If it still has the clamp that let's you store it against the rear seat stays, then yes.


----------



## Crackle (6 Mar 2013)

Is it just the gator or is it attached to a bike! Either way, ride home.


----------



## lozcs (6 Mar 2013)

fossyant said:


> If it still has the clamp that let's you store it against the rear seat stays, then yes.


 
I didn't realise could be clamped in place - perfect....



Crackle said:


> Is it just the gator or is it attached to a bike! Either way, ride home.


 
Just my bike - didn't realise it would clamp in place attached - will ride to collect...


----------



## Crackle (6 Mar 2013)

Like this








If you have a rack on, you can't use the bottom stay fitting but you can just lash it to the rack.

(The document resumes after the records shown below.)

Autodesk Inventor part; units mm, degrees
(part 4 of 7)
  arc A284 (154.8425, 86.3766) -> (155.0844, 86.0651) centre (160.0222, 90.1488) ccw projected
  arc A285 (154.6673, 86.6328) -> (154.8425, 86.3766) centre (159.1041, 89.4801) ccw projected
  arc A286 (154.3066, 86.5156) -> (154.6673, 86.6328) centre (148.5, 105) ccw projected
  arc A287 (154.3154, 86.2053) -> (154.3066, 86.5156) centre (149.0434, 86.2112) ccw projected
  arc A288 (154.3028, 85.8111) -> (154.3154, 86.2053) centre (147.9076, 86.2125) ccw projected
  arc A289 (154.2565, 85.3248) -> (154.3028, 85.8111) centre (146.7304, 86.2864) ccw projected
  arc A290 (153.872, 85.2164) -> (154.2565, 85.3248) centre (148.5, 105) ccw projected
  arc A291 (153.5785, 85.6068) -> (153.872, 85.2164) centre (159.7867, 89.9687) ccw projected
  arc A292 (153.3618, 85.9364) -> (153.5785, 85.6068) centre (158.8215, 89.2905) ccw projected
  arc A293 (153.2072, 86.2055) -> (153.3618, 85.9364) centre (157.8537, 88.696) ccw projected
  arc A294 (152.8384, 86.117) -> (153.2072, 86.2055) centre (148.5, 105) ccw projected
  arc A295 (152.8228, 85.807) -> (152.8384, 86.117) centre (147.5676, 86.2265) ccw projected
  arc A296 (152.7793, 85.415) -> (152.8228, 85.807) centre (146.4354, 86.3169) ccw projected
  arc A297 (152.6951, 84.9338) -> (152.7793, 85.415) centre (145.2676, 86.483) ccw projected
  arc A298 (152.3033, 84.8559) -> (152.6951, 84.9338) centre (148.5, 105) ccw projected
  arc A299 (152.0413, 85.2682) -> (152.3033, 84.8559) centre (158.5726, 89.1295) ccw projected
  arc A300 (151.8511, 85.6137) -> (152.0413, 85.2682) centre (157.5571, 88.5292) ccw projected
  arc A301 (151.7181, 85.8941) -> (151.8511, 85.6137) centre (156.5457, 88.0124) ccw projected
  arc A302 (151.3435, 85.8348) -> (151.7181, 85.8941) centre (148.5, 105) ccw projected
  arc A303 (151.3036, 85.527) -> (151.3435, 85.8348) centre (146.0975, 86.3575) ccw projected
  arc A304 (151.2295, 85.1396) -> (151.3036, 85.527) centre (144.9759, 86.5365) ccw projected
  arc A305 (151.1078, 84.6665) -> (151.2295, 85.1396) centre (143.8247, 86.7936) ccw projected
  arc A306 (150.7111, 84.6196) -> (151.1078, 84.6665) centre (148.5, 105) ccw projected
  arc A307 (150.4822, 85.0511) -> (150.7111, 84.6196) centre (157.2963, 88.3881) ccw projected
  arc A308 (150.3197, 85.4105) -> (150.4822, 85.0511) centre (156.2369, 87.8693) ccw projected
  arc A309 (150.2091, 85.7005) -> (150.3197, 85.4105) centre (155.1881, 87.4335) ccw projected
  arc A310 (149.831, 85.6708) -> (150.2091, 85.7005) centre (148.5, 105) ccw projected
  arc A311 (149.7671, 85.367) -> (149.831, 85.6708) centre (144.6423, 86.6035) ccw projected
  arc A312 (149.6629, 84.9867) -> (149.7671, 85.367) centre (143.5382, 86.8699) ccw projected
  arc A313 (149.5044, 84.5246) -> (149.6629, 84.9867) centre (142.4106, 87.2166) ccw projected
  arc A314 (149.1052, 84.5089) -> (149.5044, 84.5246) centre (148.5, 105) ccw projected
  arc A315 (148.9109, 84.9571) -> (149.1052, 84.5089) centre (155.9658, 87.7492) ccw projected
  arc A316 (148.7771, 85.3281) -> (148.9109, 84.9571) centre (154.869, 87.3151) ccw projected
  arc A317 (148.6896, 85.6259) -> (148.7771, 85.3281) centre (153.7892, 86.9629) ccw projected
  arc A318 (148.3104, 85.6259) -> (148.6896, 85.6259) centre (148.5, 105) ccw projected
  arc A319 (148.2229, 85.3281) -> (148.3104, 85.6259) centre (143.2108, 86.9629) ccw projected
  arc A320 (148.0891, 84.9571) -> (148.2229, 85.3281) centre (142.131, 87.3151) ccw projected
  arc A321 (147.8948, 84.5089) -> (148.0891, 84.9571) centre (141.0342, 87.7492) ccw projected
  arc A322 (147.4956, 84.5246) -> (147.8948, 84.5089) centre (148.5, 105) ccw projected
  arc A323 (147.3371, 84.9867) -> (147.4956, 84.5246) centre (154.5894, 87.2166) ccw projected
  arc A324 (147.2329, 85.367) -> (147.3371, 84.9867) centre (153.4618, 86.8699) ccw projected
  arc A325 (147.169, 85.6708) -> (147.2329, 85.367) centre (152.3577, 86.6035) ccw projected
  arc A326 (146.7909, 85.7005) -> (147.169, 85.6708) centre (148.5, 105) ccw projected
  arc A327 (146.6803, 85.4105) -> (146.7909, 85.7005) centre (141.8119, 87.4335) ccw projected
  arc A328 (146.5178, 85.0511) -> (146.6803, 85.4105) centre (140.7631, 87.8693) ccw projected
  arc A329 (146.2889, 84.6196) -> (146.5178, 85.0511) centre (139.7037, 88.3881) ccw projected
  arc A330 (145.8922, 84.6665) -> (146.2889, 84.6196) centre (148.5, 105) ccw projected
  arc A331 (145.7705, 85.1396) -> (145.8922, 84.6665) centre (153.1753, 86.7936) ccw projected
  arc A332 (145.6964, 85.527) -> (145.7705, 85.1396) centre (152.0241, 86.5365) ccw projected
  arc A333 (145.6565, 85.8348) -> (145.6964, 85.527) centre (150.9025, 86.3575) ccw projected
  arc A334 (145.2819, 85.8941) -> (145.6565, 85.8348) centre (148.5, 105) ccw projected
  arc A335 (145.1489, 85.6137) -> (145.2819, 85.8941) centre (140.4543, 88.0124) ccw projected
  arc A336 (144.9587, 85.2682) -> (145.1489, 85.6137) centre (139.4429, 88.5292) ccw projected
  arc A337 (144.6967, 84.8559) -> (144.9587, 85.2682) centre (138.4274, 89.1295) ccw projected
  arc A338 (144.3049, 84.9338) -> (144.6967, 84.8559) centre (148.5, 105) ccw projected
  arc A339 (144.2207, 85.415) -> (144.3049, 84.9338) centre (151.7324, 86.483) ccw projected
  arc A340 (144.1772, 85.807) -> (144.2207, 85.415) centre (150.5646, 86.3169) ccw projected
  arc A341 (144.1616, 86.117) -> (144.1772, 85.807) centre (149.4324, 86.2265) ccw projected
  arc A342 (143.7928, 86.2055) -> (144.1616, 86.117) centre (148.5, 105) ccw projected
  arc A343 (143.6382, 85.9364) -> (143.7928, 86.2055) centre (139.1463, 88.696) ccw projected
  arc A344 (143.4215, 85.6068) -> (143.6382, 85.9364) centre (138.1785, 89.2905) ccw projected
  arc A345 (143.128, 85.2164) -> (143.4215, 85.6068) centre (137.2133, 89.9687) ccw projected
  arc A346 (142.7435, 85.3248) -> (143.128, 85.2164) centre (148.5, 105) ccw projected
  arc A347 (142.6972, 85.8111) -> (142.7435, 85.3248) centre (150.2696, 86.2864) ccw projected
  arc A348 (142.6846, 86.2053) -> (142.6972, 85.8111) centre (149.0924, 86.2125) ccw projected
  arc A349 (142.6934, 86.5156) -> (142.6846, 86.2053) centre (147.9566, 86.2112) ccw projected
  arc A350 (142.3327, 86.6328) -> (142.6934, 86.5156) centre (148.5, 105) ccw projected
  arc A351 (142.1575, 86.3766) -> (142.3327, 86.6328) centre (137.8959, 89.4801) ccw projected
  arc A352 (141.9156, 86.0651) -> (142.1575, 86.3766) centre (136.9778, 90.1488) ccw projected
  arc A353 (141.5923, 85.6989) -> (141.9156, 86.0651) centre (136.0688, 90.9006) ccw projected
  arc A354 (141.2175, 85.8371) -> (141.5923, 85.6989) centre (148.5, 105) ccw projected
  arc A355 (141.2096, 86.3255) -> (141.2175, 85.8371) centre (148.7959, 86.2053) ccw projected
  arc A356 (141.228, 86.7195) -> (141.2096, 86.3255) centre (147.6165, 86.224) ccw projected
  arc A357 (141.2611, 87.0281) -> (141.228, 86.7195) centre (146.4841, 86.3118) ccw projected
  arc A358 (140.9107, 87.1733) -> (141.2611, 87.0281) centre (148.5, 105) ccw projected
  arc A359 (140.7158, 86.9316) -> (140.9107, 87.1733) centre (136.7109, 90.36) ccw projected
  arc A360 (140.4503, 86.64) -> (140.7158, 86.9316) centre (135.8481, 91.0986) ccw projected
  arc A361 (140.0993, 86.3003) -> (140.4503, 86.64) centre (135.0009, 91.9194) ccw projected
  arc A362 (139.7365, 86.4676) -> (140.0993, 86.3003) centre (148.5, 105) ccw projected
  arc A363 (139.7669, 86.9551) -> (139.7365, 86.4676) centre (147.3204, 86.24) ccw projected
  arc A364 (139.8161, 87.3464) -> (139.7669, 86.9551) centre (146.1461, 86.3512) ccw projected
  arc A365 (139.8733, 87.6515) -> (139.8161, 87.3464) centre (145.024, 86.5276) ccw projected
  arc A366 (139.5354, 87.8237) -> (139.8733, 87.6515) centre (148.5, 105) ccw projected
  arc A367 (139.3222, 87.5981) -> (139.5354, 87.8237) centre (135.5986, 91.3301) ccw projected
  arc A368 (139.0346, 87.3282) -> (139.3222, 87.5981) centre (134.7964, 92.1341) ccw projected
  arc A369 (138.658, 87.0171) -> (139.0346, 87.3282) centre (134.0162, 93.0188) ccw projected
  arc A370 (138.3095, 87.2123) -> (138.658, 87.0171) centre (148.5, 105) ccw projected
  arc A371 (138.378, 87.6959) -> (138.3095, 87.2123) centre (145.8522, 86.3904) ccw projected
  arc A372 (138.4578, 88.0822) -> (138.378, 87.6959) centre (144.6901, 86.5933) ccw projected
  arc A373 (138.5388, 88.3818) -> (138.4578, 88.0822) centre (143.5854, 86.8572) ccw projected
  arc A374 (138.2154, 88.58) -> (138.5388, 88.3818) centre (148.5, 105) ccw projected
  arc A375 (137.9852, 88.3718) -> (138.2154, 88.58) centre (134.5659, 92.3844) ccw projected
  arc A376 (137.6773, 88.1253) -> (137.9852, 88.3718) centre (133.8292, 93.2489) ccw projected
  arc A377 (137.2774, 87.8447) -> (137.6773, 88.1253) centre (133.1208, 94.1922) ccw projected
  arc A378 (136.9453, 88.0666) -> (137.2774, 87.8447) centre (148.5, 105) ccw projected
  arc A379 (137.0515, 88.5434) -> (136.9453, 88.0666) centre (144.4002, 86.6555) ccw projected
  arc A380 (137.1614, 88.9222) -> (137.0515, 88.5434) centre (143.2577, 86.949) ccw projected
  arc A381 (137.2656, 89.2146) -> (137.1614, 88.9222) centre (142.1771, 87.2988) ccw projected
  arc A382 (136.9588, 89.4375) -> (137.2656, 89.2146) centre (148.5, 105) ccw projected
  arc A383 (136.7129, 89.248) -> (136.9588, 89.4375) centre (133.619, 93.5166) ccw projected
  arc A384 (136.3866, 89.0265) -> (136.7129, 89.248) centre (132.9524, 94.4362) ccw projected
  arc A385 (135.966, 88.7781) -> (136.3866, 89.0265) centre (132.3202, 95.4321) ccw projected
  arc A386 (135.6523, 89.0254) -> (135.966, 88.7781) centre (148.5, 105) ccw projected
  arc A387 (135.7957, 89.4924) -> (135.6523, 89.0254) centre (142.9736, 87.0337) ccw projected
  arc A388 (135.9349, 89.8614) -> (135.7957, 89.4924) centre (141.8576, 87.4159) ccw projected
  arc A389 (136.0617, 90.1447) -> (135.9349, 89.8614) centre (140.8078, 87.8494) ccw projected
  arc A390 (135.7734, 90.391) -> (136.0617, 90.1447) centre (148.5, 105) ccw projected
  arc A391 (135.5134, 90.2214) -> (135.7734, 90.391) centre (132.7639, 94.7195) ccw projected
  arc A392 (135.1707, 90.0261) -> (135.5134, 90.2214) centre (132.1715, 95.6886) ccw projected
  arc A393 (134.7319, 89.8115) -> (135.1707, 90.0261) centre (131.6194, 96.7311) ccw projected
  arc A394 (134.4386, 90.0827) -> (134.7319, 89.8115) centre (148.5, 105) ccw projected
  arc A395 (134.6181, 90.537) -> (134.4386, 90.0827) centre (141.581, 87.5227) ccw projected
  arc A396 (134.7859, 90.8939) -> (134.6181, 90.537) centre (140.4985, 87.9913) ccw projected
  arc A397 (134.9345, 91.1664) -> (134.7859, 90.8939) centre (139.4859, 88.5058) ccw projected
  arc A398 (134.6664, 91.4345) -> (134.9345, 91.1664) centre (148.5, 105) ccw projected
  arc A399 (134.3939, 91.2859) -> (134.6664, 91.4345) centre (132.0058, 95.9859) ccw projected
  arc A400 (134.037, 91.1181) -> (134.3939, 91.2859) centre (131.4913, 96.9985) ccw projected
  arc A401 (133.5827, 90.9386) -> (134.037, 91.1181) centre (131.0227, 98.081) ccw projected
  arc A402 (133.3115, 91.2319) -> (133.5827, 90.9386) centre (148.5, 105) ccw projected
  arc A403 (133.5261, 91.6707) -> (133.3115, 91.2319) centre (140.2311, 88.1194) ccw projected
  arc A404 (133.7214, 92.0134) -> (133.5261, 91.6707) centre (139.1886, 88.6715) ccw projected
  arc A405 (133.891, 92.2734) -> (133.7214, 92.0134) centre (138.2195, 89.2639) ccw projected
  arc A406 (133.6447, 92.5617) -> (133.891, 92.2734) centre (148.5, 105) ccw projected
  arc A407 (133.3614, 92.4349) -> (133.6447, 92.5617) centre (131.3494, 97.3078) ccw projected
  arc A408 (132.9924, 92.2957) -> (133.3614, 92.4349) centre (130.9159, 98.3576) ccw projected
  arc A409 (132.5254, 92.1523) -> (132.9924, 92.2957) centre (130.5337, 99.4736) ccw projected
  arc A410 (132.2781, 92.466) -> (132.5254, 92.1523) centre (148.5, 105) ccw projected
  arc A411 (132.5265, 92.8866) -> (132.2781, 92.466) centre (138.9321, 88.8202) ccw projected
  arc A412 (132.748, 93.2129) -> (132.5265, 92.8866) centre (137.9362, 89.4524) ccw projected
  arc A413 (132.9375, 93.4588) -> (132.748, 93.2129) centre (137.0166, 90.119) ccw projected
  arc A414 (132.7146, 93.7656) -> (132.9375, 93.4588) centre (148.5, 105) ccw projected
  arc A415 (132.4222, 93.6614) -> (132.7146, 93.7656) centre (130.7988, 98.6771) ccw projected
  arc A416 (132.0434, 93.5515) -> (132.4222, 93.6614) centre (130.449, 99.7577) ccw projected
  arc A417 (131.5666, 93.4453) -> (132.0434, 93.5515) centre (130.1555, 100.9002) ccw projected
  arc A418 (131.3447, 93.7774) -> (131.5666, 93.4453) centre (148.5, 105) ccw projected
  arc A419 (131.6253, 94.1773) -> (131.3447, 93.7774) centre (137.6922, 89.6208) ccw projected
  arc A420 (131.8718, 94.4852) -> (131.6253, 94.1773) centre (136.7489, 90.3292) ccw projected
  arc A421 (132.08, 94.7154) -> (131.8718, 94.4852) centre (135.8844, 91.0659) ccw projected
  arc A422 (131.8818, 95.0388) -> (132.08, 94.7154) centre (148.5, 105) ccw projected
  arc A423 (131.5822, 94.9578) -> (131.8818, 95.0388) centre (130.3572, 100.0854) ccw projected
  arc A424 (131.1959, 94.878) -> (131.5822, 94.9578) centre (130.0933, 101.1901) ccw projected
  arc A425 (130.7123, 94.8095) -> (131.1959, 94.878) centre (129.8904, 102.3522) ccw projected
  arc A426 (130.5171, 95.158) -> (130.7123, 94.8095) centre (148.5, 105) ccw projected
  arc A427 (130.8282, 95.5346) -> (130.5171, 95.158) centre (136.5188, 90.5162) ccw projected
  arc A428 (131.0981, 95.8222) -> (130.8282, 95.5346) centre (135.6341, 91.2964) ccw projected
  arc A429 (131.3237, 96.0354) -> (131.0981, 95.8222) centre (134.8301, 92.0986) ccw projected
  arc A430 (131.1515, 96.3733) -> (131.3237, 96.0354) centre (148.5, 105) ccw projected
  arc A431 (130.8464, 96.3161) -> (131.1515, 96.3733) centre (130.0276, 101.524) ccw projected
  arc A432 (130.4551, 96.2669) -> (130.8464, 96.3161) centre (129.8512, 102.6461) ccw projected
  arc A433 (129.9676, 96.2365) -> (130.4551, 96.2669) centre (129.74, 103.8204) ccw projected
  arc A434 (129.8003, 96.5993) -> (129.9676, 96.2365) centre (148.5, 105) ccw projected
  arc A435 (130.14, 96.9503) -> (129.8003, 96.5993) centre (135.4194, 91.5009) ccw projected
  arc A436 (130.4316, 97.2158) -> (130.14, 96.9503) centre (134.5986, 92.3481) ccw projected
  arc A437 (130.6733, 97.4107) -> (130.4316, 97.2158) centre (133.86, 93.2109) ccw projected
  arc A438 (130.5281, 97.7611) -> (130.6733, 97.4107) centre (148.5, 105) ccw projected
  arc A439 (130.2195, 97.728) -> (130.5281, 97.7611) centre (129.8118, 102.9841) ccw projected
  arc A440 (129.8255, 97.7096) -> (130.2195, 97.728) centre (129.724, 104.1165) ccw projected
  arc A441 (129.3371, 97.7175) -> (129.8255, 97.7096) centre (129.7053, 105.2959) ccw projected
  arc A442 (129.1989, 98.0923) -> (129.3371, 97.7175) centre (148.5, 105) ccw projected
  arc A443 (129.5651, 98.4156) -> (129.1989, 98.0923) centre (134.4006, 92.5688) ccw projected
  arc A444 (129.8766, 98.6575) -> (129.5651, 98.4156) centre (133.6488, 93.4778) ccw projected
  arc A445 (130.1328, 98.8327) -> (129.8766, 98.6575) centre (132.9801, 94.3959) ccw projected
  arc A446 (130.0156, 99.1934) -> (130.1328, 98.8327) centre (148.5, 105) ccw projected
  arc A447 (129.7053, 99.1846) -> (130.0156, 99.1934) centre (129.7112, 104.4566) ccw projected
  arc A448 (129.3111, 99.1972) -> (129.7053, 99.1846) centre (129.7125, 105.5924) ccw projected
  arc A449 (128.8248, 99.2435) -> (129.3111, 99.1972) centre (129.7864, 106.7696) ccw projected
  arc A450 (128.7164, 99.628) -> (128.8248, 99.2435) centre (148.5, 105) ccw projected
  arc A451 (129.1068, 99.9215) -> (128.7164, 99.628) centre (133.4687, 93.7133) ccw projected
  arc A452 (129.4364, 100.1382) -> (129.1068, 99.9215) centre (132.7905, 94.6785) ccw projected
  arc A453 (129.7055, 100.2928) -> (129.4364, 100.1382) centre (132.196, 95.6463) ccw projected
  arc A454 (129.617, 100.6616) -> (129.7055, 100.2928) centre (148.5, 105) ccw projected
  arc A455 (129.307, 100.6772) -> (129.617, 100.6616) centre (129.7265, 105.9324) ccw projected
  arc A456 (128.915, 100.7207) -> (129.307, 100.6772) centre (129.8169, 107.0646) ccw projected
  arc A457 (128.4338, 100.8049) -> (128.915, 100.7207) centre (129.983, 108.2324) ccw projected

Make sure you take some spanners 10mm and either side, can't recall the exact size but it's around there.


----------



## fossyant (6 Mar 2013)

Also tape and cable ties, just in case !


----------



## fossyant (6 Mar 2013)

I'd love to see the seller's faces when you tell them it's a 50 mile round trip ! On the BIKE !


----------



## lozcs (6 Mar 2013)

Crackle said:


> Like this
> 
> 
> 
> ...


 
Thanks,that picture helps - I'll probably put a rack on and secure the back to the rack straight out...


----------